# [AVAILABLE DATA]
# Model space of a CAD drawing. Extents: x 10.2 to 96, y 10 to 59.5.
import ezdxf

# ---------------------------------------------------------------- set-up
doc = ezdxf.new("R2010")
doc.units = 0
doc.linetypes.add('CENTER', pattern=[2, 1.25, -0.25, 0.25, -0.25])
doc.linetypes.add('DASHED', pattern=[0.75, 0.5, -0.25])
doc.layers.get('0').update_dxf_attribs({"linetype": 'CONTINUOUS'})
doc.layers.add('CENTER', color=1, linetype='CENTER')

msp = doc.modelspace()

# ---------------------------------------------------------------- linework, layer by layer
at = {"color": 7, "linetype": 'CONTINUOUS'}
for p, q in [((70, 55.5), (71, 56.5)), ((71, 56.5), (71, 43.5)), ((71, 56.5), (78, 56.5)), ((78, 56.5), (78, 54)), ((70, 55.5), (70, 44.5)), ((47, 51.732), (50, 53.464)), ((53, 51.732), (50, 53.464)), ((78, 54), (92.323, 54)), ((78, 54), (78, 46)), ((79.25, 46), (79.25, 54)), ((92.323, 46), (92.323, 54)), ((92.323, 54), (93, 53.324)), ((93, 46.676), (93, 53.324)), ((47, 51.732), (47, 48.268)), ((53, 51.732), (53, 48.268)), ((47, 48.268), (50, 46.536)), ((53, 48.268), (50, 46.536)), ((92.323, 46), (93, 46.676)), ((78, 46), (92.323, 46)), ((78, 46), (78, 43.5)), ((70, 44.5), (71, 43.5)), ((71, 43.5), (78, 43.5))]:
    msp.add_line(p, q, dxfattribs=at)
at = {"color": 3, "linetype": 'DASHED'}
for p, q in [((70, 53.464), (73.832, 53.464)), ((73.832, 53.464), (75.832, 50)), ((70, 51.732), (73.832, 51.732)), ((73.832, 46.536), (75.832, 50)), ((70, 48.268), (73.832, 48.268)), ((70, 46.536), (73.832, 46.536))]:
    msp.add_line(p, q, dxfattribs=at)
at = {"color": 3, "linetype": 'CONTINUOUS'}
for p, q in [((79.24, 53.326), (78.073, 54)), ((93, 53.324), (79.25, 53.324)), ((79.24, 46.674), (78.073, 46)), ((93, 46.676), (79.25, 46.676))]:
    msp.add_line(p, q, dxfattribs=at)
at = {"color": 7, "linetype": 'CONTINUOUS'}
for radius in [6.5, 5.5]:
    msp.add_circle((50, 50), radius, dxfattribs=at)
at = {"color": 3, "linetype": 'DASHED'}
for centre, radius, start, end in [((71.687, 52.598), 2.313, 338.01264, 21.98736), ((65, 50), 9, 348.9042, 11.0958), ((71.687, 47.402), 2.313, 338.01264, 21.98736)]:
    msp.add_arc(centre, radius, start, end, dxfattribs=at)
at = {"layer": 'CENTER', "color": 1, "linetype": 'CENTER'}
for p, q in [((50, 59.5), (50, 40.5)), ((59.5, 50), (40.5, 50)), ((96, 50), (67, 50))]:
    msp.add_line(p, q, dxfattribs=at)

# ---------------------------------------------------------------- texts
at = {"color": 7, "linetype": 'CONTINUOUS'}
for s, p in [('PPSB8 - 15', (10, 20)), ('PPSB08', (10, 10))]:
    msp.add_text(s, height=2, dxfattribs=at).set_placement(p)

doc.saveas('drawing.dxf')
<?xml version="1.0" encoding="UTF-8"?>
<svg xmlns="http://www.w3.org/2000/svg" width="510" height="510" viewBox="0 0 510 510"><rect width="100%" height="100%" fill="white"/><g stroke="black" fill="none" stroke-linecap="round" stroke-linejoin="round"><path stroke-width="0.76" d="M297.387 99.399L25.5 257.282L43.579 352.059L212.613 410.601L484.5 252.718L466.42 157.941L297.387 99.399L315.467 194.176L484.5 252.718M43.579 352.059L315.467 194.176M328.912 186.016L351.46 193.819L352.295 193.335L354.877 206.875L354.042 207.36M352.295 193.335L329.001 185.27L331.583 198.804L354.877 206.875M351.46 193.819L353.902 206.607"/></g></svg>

# [REQUIREMENT]
Retype the entries one by one, exactly.

# [ANSWER]
# Model space of a CAD drawing. Extents: x 10.2 to 96, y 10 to 59.5.
import ezdxf

# ---------------------------------------------------------------- set-up
doc = ezdxf.new("R2010")
doc.units = 0
doc.linetypes.add('CENTER', pattern=[2, 1.25, -0.25, 0.25, -0.25])
doc.linetypes.add('DASHED', pattern=[0.75, 0.5, -0.25])
doc.layers.get('0').update_dxf_attribs({"linetype": 'CONTINUOUS'})
doc.layers.add('CENTER', color=1, linetype='CENTER')

msp = doc.modelspace()

# ---------------------------------------------------------------- linework, layer by layer
at = {"color": 7, "linetype": 'CONTINUOUS'}
for p, q in [((70, 55.5), (71, 56.5)), ((71, 56.5), (71, 43.5)), ((71, 56.5), (78, 56.5)), ((78, 56.5), (78, 54)), ((70, 55.5), (70, 44.5)), ((47, 51.732), (50, 53.464)), ((53, 51.732), (50, 53.464)), ((78, 54), (92.323, 54)), ((78, 54), (78, 46)), ((79.25, 46), (79.25, 54)), ((92.323, 46), (92.323, 54)), ((92.323, 54), (93, 53.324)), ((93, 46.676), (93, 53.324)), ((47, 51.732), (47, 48.268)), ((53, 51.732), (53, 48.268)), ((47, 48.268), (50, 46.536)), ((53, 48.268), (50, 46.536)), ((92.323, 46), (93, 46.676)), ((78, 46), (92.323, 46)), ((78, 46), (78, 43.5)), ((70, 44.5), (71, 43.5)), ((71, 43.5), (78, 43.5))]:
    msp.add_line(p, q, dxfattribs=at)
at = {"color": 3, "linetype": 'DASHED'}
for p, q in [((70, 53.464), (73.832, 53.464)), ((73.832, 53.464), (75.832, 50)), ((70, 51.732), (73.832, 51.732)), ((73.832, 46.536), (75.832, 50)), ((70, 48.268), (73.832, 48.268)), ((70, 46.536), (73.832, 46.536))]:
    msp.add_line(p, q, dxfattribs=at)
at = {"color": 3, "linetype": 'CONTINUOUS'}
for p, q in [((79.24, 53.326), (78.073, 54)), ((93, 53.324), (79.25, 53.324)), ((79.24, 46.674), (78.073, 46)), ((93, 46.676), (79.25, 46.676))]:
    msp.add_line(p, q, dxfattribs=at)
at = {"color": 7, "linetype": 'CONTINUOUS'}
for radius in [6.5, 5.5]:
    msp.add_circle((50, 50), radius, dxfattribs=at)
at = {"color": 3, "linetype": 'DASHED'}
for centre, radius, start, end in [((71.687, 52.598), 2.313, 338.01264, 21.98736), ((65, 50), 9, 348.9042, 11.0958), ((71.687, 47.402), 2.313, 338.01264, 21.98736)]:
    msp.add_arc(centre, radius, start, end, dxfattribs=at)
at = {"layer": 'CENTER', "color": 1, "linetype": 'CENTER'}
for p, q in [((50, 59.5), (50, 40.5)), ((59.5, 50), (40.5, 50)), ((96, 50), (67, 50))]:
    msp.add_line(p, q, dxfattribs=at)

# ---------------------------------------------------------------- texts
at = {"color": 7, "linetype": 'CONTINUOUS'}
for s, p in [('PPSB8 - 15', (10, 20)), ('PPSB08', (10, 10))]:
    msp.add_text(s, height=2, dxfattribs=at).set_placement(p)

doc.saveas('drawing.dxf')
<?xml version="1.0" encoding="UTF-8"?>
<svg xmlns="http://www.w3.org/2000/svg" width="510" height="510" viewBox="0 0 510 510"><rect width="100%" height="100%" fill="white"/><g stroke="black" fill="none" stroke-linecap="round" stroke-linejoin="round"><path stroke-width="0.76" d="M297.387 99.399L25.5 257.282L43.579 352.059L212.613 410.601L484.5 252.718L466.42 157.941L297.387 99.399L315.467 194.176L484.5 252.718M43.579 352.059L315.467 194.176M328.912 186.016L351.46 193.819L352.295 193.335L354.877 206.875L354.042 207.36M352.295 193.335L329.001 185.27L331.583 198.804L354.877 206.875M351.46 193.819L353.902 206.607"/></g></svg>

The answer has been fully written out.